To the Editor,

With the development of high-throughput microarray and RNA sequencing technology, an increasing number of genes have been identified to be associated with parasitology [1, 2]. We read with great interest the article by Yin et al. [3]. These authors, using microarray, found that Cryptosporidium infection induced significantly aberrant expression of circular RNA (circRNA) profiles in HCT-8 cells. Their findings provide a fundamental basis to develop effective strategies against cryptosporidiosis and, consequently, have far-reaching implications.
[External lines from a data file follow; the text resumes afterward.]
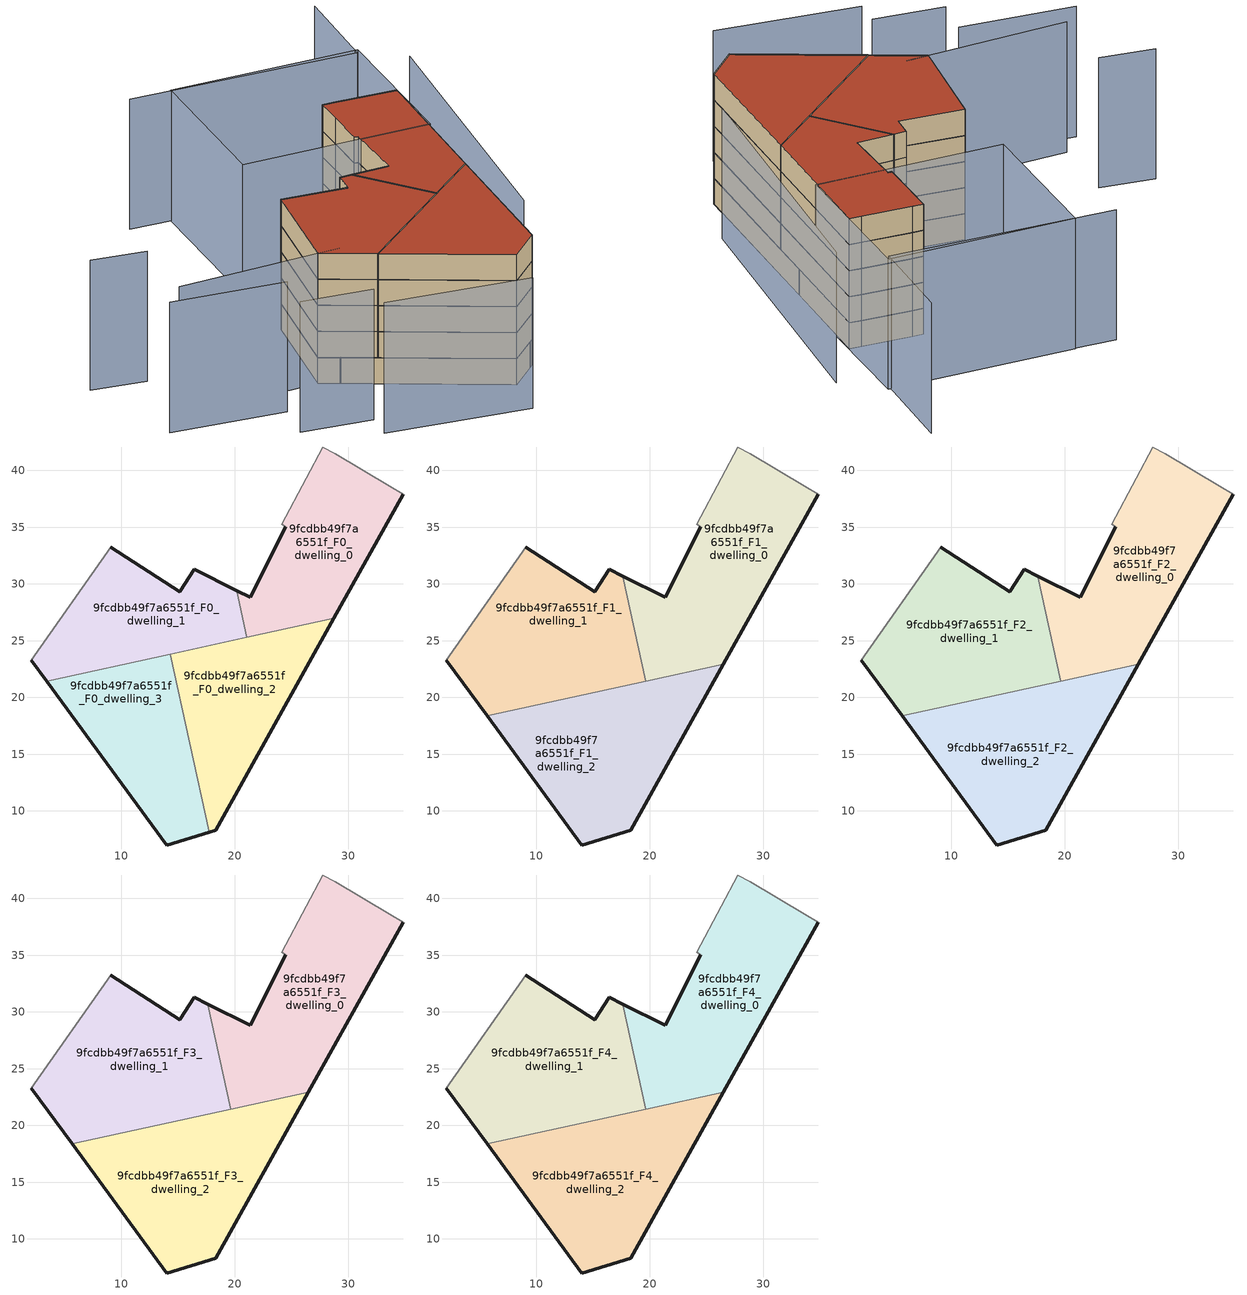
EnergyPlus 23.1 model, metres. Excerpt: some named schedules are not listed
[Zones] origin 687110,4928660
9fcdbb49f7a6551f_F0_dwelling_0
 floor ground (EU_floor_Construction): 28.7,26.95 34.81,37.9 33.65,38.61 28.84,41.46 27.74,42.06 26.28,39.31 24.12,35.26 24.48,35.03 21.35,28.81 20.16,29.41 21.06,25.28 z0
 wall outside (EU_wall_Construction): 34.81,37.9 28.7,26.95 / 20.16,29.41 21.35,28.81 24.48,35.03 z0:3
 wall adiabatic (EU_wall_Construction): 24.48,35.03 24.12,35.26 26.28,39.31 27.74,42.06 28.84,41.46 33.65,38.61 34.81,37.9 z0:3
 wall to 9fcdbb49f7a6551f_F0_dwelling_1 (EU_wall_Construction): 21.06,25.28 20.16,29.41 z0:3
 wall to 9fcdbb49f7a6551f_F0_dwelling_2 (EU_wall_Construction): 28.7,26.95 21.06,25.28 z0:3
9fcdbb49f7a6551f_F0_dwelling_1
 floor ground (EU_floor_Construction): 21.06,25.28 20.16,29.41 16.4,31.29 15.14,29.32 9.06,33.22 2.07,23.29 3.44,21.42 z0
 wall outside (EU_wall_Construction): 9.06,33.22 15.14,29.32 16.4,31.29 20.16,29.41 / 3.44,21.42 2.07,23.29 z0:3
 wall adiabatic (EU_wall_Construction): 2.07,23.29 9.06,33.22 z0:3
 wall to 9fcdbb49f7a6551f_F0_dwelling_3 (EU_wall_Construction): 14.31,23.8 3.44,21.42 z0:3
 wall to 9fcdbb49f7a6551f_F0_dwelling_2 (EU_wall_Construction): 21.06,25.28 14.31,23.8 z0:3
9fcdbb49f7a6551f_F0_dwelling_2
 floor ground (EU_floor_Construction): 18.3,8.3 28.7,26.95 14.31,23.8 17.74,8.13 z0
 wall outside (EU_wall_Construction): 28.7,26.95 18.3,8.3 17.74,8.13 z0:3
 wall to 9fcdbb49f7a6551f_F0_dwelling_3 (EU_wall_Construction): 17.74,8.13 14.31,23.8 z0:3
9fcdbb49f7a6551f_F0_dwelling_3
 floor ground (EU_floor_Construction): 17.74,8.13 14.31,23.8 3.44,21.42 13.97,7 z0
 wall outside (EU_wall_Construction): 17.74,8.13 13.97,7 3.44,21.42 z0:3
9fcdbb49f7a6551f_F1_dwelling_0
 floor to 9fcdbb49f7a6551f_F0_dwelling_0 (EU_floor_Construction): 28.7,26.95 34.81,37.9 33.65,38.61 28.84,41.46 27.74,42.06 26.28,39.31 24.12,35.26 24.48,35.03 21.35,28.81 20.16,29.41 21.06,25.28 z3
 floor to 9fcdbb49f7a6551f_F0_dwelling_2 (EU_floor_Construction): 26.45,22.91 28.7,26.95 18.9,24.81 19.64,21.42 z3
 floor to 9fcdbb49f7a6551f_F0_dwelling_1 (EU_floor_Construction): 21.06,25.28 20.16,29.41 17.61,30.69 18.9,24.81 z3
 wall outside (EU_wall_Construction): 34.81,37.9 26.45,22.91 / 17.61,30.69 21.35,28.81 24.48,35.03 z3:6
 wall adiabatic (EU_wall_Construction): 24.48,35.03 24.12,35.26 26.28,39.31 27.74,42.06 28.84,41.46 33.65,38.61 34.81,37.9 z3:6
 wall to 9fcdbb49f7a6551f_F1_dwelling_1 (EU_wall_Construction): 19.64,21.42 17.61,30.69 z3:6
 wall to 9fcdbb49f7a6551f_F1_dwelling_2 (EU_wall_Construction): 26.45,22.91 19.64,21.42 z3:6
9fcdbb49f7a6551f_F1_dwelling_1
 floor to 9fcdbb49f7a6551f_F0_dwelling_1 (EU_floor_Construction): 18.9,24.81 17.61,30.69 16.4,31.29 15.14,29.32 9.06,33.22 2.07,23.29 3.44,21.42 z3
 floor to 9fcdbb49f7a6551f_F0_dwelling_3 (EU_floor_Construction): 15.05,20.42 14.31,23.8 3.44,21.42 5.67,18.36 z3
 floor to 9fcdbb49f7a6551f_F0_dwelling_2 (EU_floor_Construction): 19.64,21.42 18.9,24.81 14.31,23.8 15.05,20.42 z3
 wall outside (EU_wall_Construction): 9.06,33.22 15.14,29.32 16.4,31.29 17.61,30.69 / 5.67,18.36 2.07,23.29 z3:6
 wall adiabatic (EU_wall_Construction): 2.07,23.29 9.06,33.22 z3:6
 wall to 9fcdbb49f7a6551f_F1_dwelling_2 (EU_wall_Construction): 19.64,21.42 5.67,18.36 z3:6
9fcdbb49f7a6551f_F1_dwelling_2
 floor to 9fcdbb49f7a6551f_F0_dwelling_3 (EU_floor_Construction): 17.74,8.14 15.05,20.42 5.67,18.36 13.97,7 z3
 floor to 9fcdbb49f7a6551f_F0_dwelling_2 (EU_floor_Construction): 18.3,8.3 26.45,22.91 15.05,20.42 17.74,8.14 z3
 wall outside (EU_wall_Construction): 26.45,22.91 18.3,8.3 13.97,7 5.67,18.36 z3:6
9fcdbb49f7a6551f_F2_dwelling_0
 floor to 9fcdbb49f7a6551f_F1_dwelling_0 (EU_floor_Construction): 26.45,22.91 34.81,37.9 33.65,38.61 28.84,41.46 27.74,42.06 26.28,39.31 24.12,35.26 24.48,35.03 21.35,28.81 17.61,30.69 19.64,21.42 z6
 wall outside (EU_wall_Construction): 34.81,37.9 26.45,22.91 / 17.61,30.69 21.35,28.81 24.48,35.03 z6:9
 wall adiabatic (EU_wall_Construction): 24.48,35.03 24.12,35.26 26.28,39.31 27.74,42.06 28.84,41.46 33.65,38.61 34.81,37.9 z6:9
 wall to 9fcdbb49f7a6551f_F2_dwelling_1 (EU_wall_Construction): 19.64,21.42 17.61,30.69 z6:9
 wall to 9fcdbb49f7a6551f_F2_dwelling_2 (EU_wall_Construction): 26.45,22.91 19.64,21.42 z6:9
9fcdbb49f7a6551f_F2_dwelling_1
 floor to 9fcdbb49f7a6551f_F1_dwelling_1 (EU_floor_Construction): 19.64,21.42 17.61,30.69 16.4,31.29 15.14,29.32 9.06,33.22 2.07,23.29 5.67,18.36 z6
 wall outside (EU_wall_Construction): 9.06,33.22 15.14,29.32 16.4,31.29 17.61,30.69 / 5.67,18.36 2.07,23.29 z6:9
 wall adiabatic (EU_wall_Construction): 2.07,23.29 9.06,33.22 z6:9
 wall to 9fcdbb49f7a6551f_F2_dwelling_2 (EU_wall_Construction): 19.64,21.42 5.67,18.36 z6:9
9fcdbb49f7a6551f_F2_dwelling_2
 floor to 9fcdbb49f7a6551f_F1_dwelling_2 (EU_floor_Construction): 18.3,8.3 26.45,22.91 5.67,18.36 13.97,7 z6
 wall outside (EU_wall_Construction): 26.45,22.91 18.3,8.3 13.97,7 5.67,18.36 z6:9
9fcdbb49f7a6551f_F3_dwelling_0
 floor to 9fcdbb49f7a6551f_F2_dwelling_0 (EU_floor_Construction): 26.45,22.91 34.81,37.9 33.65,38.61 28.84,41.46 27.74,42.06 26.28,39.31 24.12,35.26 24.48,35.03 21.35,28.81 17.61,30.69 19.64,21.42 z9
 wall outside (EU_wall_Construction): 34.81,37.9 26.45,22.91 / 17.61,30.69 21.35,28.81 24.48,35.03 z9:12
 wall adiabatic (EU_wall_Construction): 24.48,35.03 24.12,35.26 26.28,39.31 27.74,42.06 28.84,41.46 33.65,38.61 34.81,37.9 z9:12
 wall to 9fcdbb49f7a6551f_F3_dwelling_1 (EU_wall_Construction): 19.64,21.42 17.61,30.69 z9:12
 wall to 9fcdbb49f7a6551f_F3_dwelling_2 (EU_wall_Construction): 26.45,22.91 19.64,21.42 z9:12
9fcdbb49f7a6551f_F3_dwelling_1
 floor to 9fcdbb49f7a6551f_F2_dwelling_1 (EU_floor_Construction): 19.64,21.42 17.61,30.69 16.4,31.29 15.14,29.32 9.06,33.22 2.07,23.29 5.67,18.36 z9
 wall outside (EU_wall_Construction): 9.06,33.22 15.14,29.32 16.4,31.29 17.61,30.69 / 5.67,18.36 2.07,23.29 z9:12
 wall adiabatic (EU_wall_Construction): 2.07,23.29 9.06,33.22 z9:12
 wall to 9fcdbb49f7a6551f_F3_dwelling_2 (EU_wall_Construction): 19.64,21.42 5.67,18.36 z9:12
9fcdbb49f7a6551f_F3_dwelling_2
 floor to 9fcdbb49f7a6551f_F2_dwelling_2 (EU_floor_Construction): 18.3,8.3 26.45,22.91 5.67,18.36 13.97,7 z9
 wall outside (EU_wall_Construction): 26.45,22.91 18.3,8.3 13.97,7 5.67,18.36 z9:12
9fcdbb49f7a6551f_F4_dwelling_0
 floor to 9fcdbb49f7a6551f_F3_dwelling_0 (EU_floor_Construction): 26.45,22.91 34.81,37.9 33.65,38.61 28.84,41.46 27.74,42.06 26.28,39.31 24.12,35.26 24.48,35.03 21.35,28.81 17.61,30.69 19.64,21.42 z12
 wall outside (EU_wall_Construction): 34.81,37.9 26.45,22.91 / 17.61,30.69 21.35,28.81 24.48,35.03 z12:15
 wall adiabatic (EU_wall_Construction): 24.48,35.03 24.12,35.26 26.28,39.31 27.74,42.06 28.84,41.46 33.65,38.61 34.81,37.9 z12:15
 wall to 9fcdbb49f7a6551f_F4_dwelling_1 (EU_wall_Construction): 19.64,21.42 17.61,30.69 z12:15
 wall to 9fcdbb49f7a6551f_F4_dwelling_2 (EU_wall_Construction): 26.45,22.91 19.64,21.42 z12:15
 roof outside (EU_roof_Construction): 33.65,38.61 34.81,37.9 26.45,22.91 19.64,21.42 17.61,30.69 21.35,28.81 24.48,35.03 24.12,35.26 26.28,39.31 27.74,42.06 28.84,41.46 z15
9fcdbb49f7a6551f_F4_dwelling_1
 floor to 9fcdbb49f7a6551f_F3_dwelling_1 (EU_floor_Construction): 19.64,21.42 17.61,30.69 16.4,31.29 15.14,29.32 9.06,33.22 2.07,23.29 5.67,18.36 z12
 wall outside (EU_wall_Construction): 9.06,33.22 15.14,29.32 16.4,31.29 17.61,30.69 / 5.67,18.36 2.07,23.29 z12:15
 wall adiabatic (EU_wall_Construction): 2.07,23.29 9.06,33.22 z12:15
 wall to 9fcdbb49f7a6551f_F4_dwelling_2 (EU_wall_Construction): 19.64,21.42 5.67,18.36 z12:15
 roof outside (EU_roof_Construction): 17.61,30.69 19.64,21.42 5.67,18.36 2.07,23.29 9.06,33.22 15.14,29.32 16.4,31.29 z15
9fcdbb49f7a6551f_F4_dwelling_2
 floor to 9fcdbb49f7a6551f_F3_dwelling_2 (EU_floor_Construction): 18.3,8.3 26.45,22.91 5.67,18.36 13.97,7 z12
 wall outside (EU_wall_Construction): 26.45,22.91 18.3,8.3 13.97,7 5.67,18.36 z12:15
 roof outside (EU_roof_Construction): 26.45,22.91 18.3,8.3 13.97,7 5.67,18.36 z15
shading: -7.29,18.41 -0.64,14.09 / -2.3,11.53 10.99,2.69 / 23.71,13.45 41.37,41.19 / -15.31,28.91 -4.63,22.1 / -7.94,37.34 -12.98,40.8 / 4.28,22.21 -12.08,30.15 / 44.13,55.37 38.76,45.94 / 38.76,45.94 16.95,58.36 / 12.65,40.74 20.95,56.14 / 20.95,56.14 39.32,46.25 / 39.32,46.25 31.03,30.85 / 31.03,30.85 12.65,40.74 z0:15
[Building]
EU S2 Campaign: North Axis=0; Terrain=City; Solar Distribution=FullExterior
[Site:Location]
Bologna: Latitude=44.5; Longitude=11.25; Time Zone=1; Elevation=37
[SizingPeriod:WeatherFileDays]
AnnualSizingPeriod: Begin Month=1; Begin Day of Month=1; End Month=12; End Day of Month=31; Day of Week for Start Day=Monday; Use Weather File Daylight Saving Period=No; Use Weather File Rain and Snow Indicators=No
[MATERIAL]
EU_InternalMass_Material: Roughness=MediumRough; Thickness=0.1; Conductivity=1; Density=1800; Specific Heat=900; Thermal Absorptance=0.9; Solar Absorptance=0.7; Visible Absorptance=0.7
[MATERIAL:NOMASS] Roughness=MediumRough; Thermal Absorptance=0.9; Solar Absorptance=0.7; Visible Absorptance=0.7
Name | Thermal Resistance
EU_wall_NoMass | 0.905828
EU_roof_NoMass | 0.37593
EU_floor_NoMass | 0.67114
[CONSTRUCTION]
EU_wall_Construction: EU_wall_NoMass
EU_roof_Construction: EU_roof_NoMass
EU_floor_Construction: EU_floor_NoMass
EU_InternalMass_Construction: EU_InternalMass_Material
[ZONE] Type=1; Multiplier=1; Ceiling Height=autocalculate; Floor Area=autocalculate; Part of Total Floor Area=Yes
Name | Volume
9fcdbb49f7a6551f_F0_dwelling_0 | 367.492
9fcdbb49f7a6551f_F1_dwelling_0; 9fcdbb49f7a6551f_F2_dwelling_0; 9fcdbb49f7a6551f_F3_dwelling_0; 9fcdbb49f7a6551f_F4_dwelling_0 | 489.971
9fcdbb49f7a6551f_F0_dwelling_1 | 367.486
9fcdbb49f7a6551f_F1_dwelling_1; 9fcdbb49f7a6551f_F2_dwelling_1; 9fcdbb49f7a6551f_F3_dwelling_1; 9fcdbb49f7a6551f_F4_dwelling_1 | 489.954
9fcdbb49f7a6551f_F0_dwelling_2 | 367.448
9fcdbb49f7a6551f_F1_dwelling_2; 9fcdbb49f7a6551f_F2_dwelling_2; 9fcdbb49f7a6551f_F3_dwelling_2; 9fcdbb49f7a6551f_F4_dwelling_2 | 489.959
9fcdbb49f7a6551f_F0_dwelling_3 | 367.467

In our opinion, it is necessary to further clarify the data analysis strategy of this study. Based on the authors’ description, they appear to use unadjusted p-values and fold change of expression values to define significantly differentially expressed circRNAs. However, due to the high number of false positives caused by multiple comparisons, statistical methods for microarray analysis should be carefully selected. Accurate analysis results will provide a convincing basis for subsequent experiments.

We suggest that the authors can adjust the p-values by the Benjamini–Hochberg correction to solve the problem of multiple comparisons, such as in the study of Atoyebi et al. [1]. Another option, as reported in a previous study, is linear modeling with empirical Bayes moderation, which provided good control of the false discovery rate as well as reasonable sensitivity when defining differentially expressed non-coding RNAs [4]. Therefore, we would like to suggest using Limma (linear models for microarray analysis) [5], which is an R/Bioconductor software package that uses linear models to analyze microarray and high-throughput PCR data [6]. Based on the output, the choice of the appropriate expression fold changes and false discovery rate < 0.05 as the cutoff is a conservative method to analyze changes in gene expression. A number of parasitological studies have used this statistical method and obtained satisfactory results [2]. We believe that this statistical method can provide a good technical support for parasitological studies.

We welcome further explanation of the data analysis strategy by the authors, which will make the results of this study more rigorous.